Kichern auf Rädern

Eine Reise im chinesischen Nachtzug sollte jeder mal gemacht haben. Habe ich gelesen. Sagen wir mal: Es war eine Erfahrung. Auf jeden Fall ist es billig: Die gut 1600 Kilometer von Shenzhen nach Shanghai kosten keine 50 Euro. Hätte ich das Ticket nicht schon in Deutschland gekauft, wäre es wohl noch billiger gewesen. Es geht auch dreimal so teuer, wenn man den Hochgeschwindigkeitszug nimmt. Dann ist man in nicht mal acht Stunden da. Ich Sparfuchs brauche 19. Dafür muss ich keine Unterkunft zahlen, denn geschlafen wird auf der Pritsche.

Im Waggon ist das Gewusel groß. Je drei Liegen hängen übereinander - und 150 Menschen verstauen ihr Gepäck. Türen zwischen den Abteilen gibt es nicht. Das wird ein Spaß. Mein Bett ist ganz oben. Mit meinen eins neunzig kann ich dort nicht sitzen. Schon das Umdrehen, um wieder runterzukommen, dauert minutenlang. Unten angelangt ernte ich mitleidige Blicke einer Mittvierzigerin im leuchtend blauen Hemd. Sie flüstert ihrem Mann ins Ohr und beide kichern. Die Schadenfreude habe ich verdient, die Liegen ganz oben waren die billigsten.

Immerhin überredet sie ihren Mann, der mir gegenüber schlafen wird, den einzigen ausklappbaren Sitz des Abteils an mich zu übergeben. Sie hat ein Bett ganz unten, da kann er ja neben ihr sitzen. Den Klappsitz gebe ich die nächsten sieben Stunden nicht mehr her. Da es noch hell ist, schau ich aus dem Fenster. Raus aus Shenzhen sehe ich endlich mal Grün: Urwälder - und alle 30 Minuten eine Millionenstadt.

Ich erkenne Reisfelder, dazu Bauern mit diesen breiten Hüten und Balken über den Schultern, an deren Enden große Eimer hängen. Endlich sehe ich das richtige China, denke ich. Dabei wird nur mein Vorurteil bestätigt. Die Abertausenden westlich gekleideten Chinesen, die mir in der vergangenen Woche über den Weg liefen, verkörpern das heutige China wohl viel mehr als die Bauern hier.

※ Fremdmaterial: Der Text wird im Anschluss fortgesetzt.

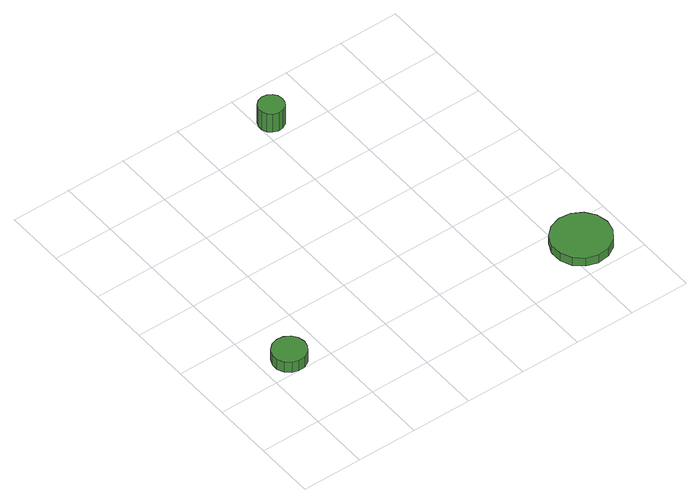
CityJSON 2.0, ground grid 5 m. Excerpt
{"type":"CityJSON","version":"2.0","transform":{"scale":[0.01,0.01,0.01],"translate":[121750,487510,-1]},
"CityObjects":{
"tree1":{"type":"SolitaryVegetationObject","attributes":{"function":"something"},"geometry":[{"type":"MultiSurface","lod":"1","boundaries":[[[0,1,2,3,4,5,6,7,8,9,10,11,12,13,14]],[[15,16,17,18,19,20,21,22,23,24,25,26,27,28,29]],[[0,29,28,1]],[[1,28,27,2]],[[2,27,26,3]],[[3,26,25,4]],[[4,25,24,5]],[[5,24,23,6]],[[6,23,22,7]],[[7,22,21,8]],[[8,21,20,9]],[[9,20,19,10]],[[10,19,18,11]],[[11,18,17,12]],[[12,17,16,13]],[[13,16,15,14]],[[14,15,29,0]]]}]},
"tree2":{"type":"SolitaryVegetationObject","attributes":{"function":"something"},"geometry":[{"type":"MultiSurface","lod":"1","boundaries":[[[30,31,32,33,34,35,36,37,38,39,40,41,42,43,44]],[[45,46,47,48,49,50,51,52,53,54,55,56,57,58,59]],[[30,59,58,31]],[[31,58,57,32]],[[32,57,56,33]],[[33,56,55,34]],[[34,55,54,35]],[[35,54,53,36]],[[36,53,52,37]],[[37,52,51,38]],[[38,51,50,39]],[[39,50,49,40]],[[40,49,48,41]],[[41,48,47,42]],[[42,47,46,43]],[[43,46,45,44]],[[44,45,59,30]]]}]},
"tree3":{"type":"SolitaryVegetationObject","attributes":{"function":"something"},"geometry":[{"type":"MultiSurface","lod":"1","boundaries":[[[60,61,62,63,64,65,66,67,68,69,70,71,72,73,74]],[[75,76,77,78,79,80,81,82,83,84,85,86,87,88,89]],[[60,89,88,61]],[[61,88,87,62]],[[62,87,86,63]],[[63,86,85,64]],[[64,85,84,65]],[[65,84,83,66]],[[66,83,82,67]],[[67,82,81,68]],[[68,81,80,69]],[[69,80,79,70]],[[70,79,78,71]],[[71,78,77,72]],[[72,77,76,73]],[[73,76,75,74]],[[74,75,89,60]]]}]}
},
"vertices":[
[359,636,176],[347,692,176],[314,738,176],[264,767,176],[207,772,176],[153,755,176],[110,716,176],[87,664,176],[87,607,176],[110,555,176],[153,516,176],[207,499,176],[264,504,176],[314,533,176],[347,579,176],[347,579,71],[314,533,71],[264,504,71],[207,499,71],[153,516,71],[110,555,71],[87,607,71],[87,664,71],[110,716,71],[153,755,71],[207,772,71],[264,767,71],[314,738,71],[347,692,71],[359,636,71],
[1708,2662,252],[1699,2705,252],[1674,2740,252],[1636,2762,252],[1593,2766,252],[1552,2753,252],[1519,2724,252],[1502,2684,252],[1502,2641,252],[1519,2601,252],[1552,2572,252],[1593,2559,252],[1636,2563,252],[1674,2585,252],[1699,2620,252],[1699,2620,69],[1674,2585,69],[1636,2563,69],[1593,2559,69],[1552,2572,69],[1519,2601,69],[1502,2641,69],[1502,2684,69],[1519,2724,69],[1552,2753,69],[1593,2766,69],[1636,2762,69],[1674,2740,69],[1699,2705,69],[1708,2662,69],
[2884,297,150],[2863,394,150],[2804,475,150],[2718,525,150],[2618,535,150],[2524,504,150],[2449,438,150],[2409,346,150],[2409,247,150],[2449,155,150],[2524,89,150],[2618,58,150],[2718,68,150],[2804,118,150],[2863,199,150],[2863,199,71],[2804,118,71],[2718,68,71],[2618,58,71],[2524,89,71],[2449,155,71],[2409,247,71],[2409,346,71],[2449,438,71],[2524,504,71],[2618,535,71],[2718,525,71],[2804,475,71],[2863,394,71],[2884,297,71]
]}

Ich werde hungrig und bin dankbar für den kleinen Speisewagen, der pro Stunde einmal durch den Zug geschoben wird. Neben Obst und Snacks gibt es Instantsuppen. Ich nehme eine. »Six«, sagt die Verkäuferin und zeigt aufs Preisschild. Sechs Yuan, 75 Cent, für eine volle Mahlzeit. Das heiße Wasser gibt’s am Wagenende kostenlos. Ich kaufe auch ein paar Erdnüsse. Die Frau sagt wieder: »Six.« Ich bezahle brav. Als sie weg ist, schaut die Frau in Blau auf die Nussverpackung und zeigt nur zwei Finger hoch. Ich wurde übers Ohr gehauen. Wieder Getuschel, wieder Gekicher. Die Suppe ist scharf. Aber ich lasse mir nichts anmerken. Ein drittes Kichern würde ich nicht ertragen.

Es ist 19 Uhr, draußen wird es dunkel, und alle legen sich hin. Auch ich klettere hoch und kuschel mich ein, denn die Klimaanlage dröhnt laut und kalt von der Decke, und damit leider nur 30 Zentimeter über mir. Dazu das Schnarchen meines Nachbarn … Um 23 Uhr denke ich: Das macht doch nicht so viel Spaß. Aber einen schönen Tagebucheintrag im »nd« wird es schon hergeben. Ich sollte die Frau in Blau morgen früh noch nach ihrem Namen fragen. Als mich der Schaffner um sieben unsanft weckt, sind sie und ihr Mann verschwunden. Sie müssen irgendwo mitten in der Nacht ausgestiegen sein. So bleibt sie doch für immer die Frau in Blau. Dafür liegt nun eine junge Chinesin gegenüber, die nicht schnarcht. Deswegen habe ich doch noch ganz gut schlafen können.

Als ich später im Hotel ankomme, falle ich trotzdem noch mal ins Bett. Lustig war es allemal. Wenn auch nicht immer für mich.